(Recorded data)
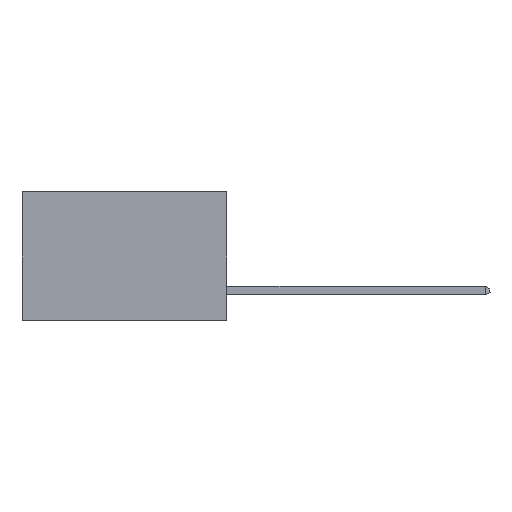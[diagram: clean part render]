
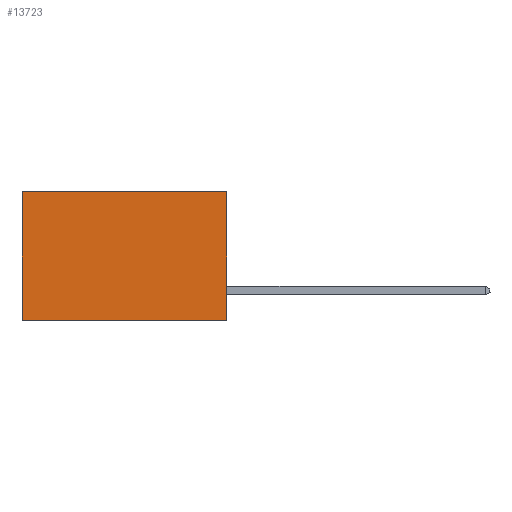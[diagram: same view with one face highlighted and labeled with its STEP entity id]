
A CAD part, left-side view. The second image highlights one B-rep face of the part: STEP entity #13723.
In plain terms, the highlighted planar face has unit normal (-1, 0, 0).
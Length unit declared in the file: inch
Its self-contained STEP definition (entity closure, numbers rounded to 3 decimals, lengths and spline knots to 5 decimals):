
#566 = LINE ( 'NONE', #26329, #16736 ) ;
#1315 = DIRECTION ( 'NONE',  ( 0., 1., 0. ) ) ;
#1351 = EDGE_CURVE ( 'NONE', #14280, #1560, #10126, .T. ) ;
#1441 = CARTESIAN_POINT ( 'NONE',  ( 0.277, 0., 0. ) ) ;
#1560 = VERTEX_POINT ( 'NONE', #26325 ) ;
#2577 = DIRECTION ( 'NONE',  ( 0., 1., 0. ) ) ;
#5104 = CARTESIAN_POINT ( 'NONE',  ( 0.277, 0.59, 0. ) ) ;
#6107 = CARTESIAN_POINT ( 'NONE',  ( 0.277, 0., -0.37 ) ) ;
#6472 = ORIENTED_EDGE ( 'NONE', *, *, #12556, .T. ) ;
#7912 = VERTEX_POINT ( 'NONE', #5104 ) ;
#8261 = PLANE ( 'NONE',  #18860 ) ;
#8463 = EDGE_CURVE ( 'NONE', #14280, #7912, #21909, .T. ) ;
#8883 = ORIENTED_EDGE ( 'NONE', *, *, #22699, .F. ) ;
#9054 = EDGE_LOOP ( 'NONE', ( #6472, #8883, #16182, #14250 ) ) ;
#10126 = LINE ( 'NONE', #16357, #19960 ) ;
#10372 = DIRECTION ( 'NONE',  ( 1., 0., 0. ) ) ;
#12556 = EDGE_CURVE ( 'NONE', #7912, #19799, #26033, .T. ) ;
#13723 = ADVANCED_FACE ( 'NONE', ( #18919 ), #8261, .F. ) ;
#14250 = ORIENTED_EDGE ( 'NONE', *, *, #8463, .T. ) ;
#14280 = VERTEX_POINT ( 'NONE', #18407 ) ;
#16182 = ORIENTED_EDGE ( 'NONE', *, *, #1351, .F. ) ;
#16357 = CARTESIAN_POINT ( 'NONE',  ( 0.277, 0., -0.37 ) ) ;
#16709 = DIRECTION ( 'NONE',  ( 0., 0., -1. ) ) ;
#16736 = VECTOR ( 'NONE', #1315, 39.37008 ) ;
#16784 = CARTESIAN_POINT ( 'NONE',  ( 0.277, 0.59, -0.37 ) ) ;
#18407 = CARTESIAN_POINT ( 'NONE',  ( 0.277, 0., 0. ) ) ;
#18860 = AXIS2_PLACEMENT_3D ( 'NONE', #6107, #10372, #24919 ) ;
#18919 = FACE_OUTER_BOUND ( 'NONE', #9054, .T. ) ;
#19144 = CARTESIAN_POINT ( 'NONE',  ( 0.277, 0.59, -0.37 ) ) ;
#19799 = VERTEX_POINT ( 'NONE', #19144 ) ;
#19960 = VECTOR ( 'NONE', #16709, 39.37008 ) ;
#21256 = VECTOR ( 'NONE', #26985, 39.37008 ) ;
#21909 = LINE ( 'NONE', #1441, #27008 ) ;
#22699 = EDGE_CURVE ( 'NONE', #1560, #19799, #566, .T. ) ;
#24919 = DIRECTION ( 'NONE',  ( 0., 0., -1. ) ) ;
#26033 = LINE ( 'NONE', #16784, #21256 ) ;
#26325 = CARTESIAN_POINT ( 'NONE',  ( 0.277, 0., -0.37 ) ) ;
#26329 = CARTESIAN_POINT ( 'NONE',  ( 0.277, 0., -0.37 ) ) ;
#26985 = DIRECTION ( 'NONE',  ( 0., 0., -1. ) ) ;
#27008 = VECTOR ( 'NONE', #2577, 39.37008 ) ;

## Exercise description
Starting at the line above that contains "[diagram: same view", transcribe every line exactly through the line that contains "In plain terms, the", including that last one, and skip the pictures.

## Answer area
[diagram: same view with one face highlighted and labeled with its STEP entity id]
A CAD part, left-side view. The second image highlights one B-rep face of the part: STEP entity #13723.
In plain terms, the highlighted planar face has unit normal (-1, 0, 0).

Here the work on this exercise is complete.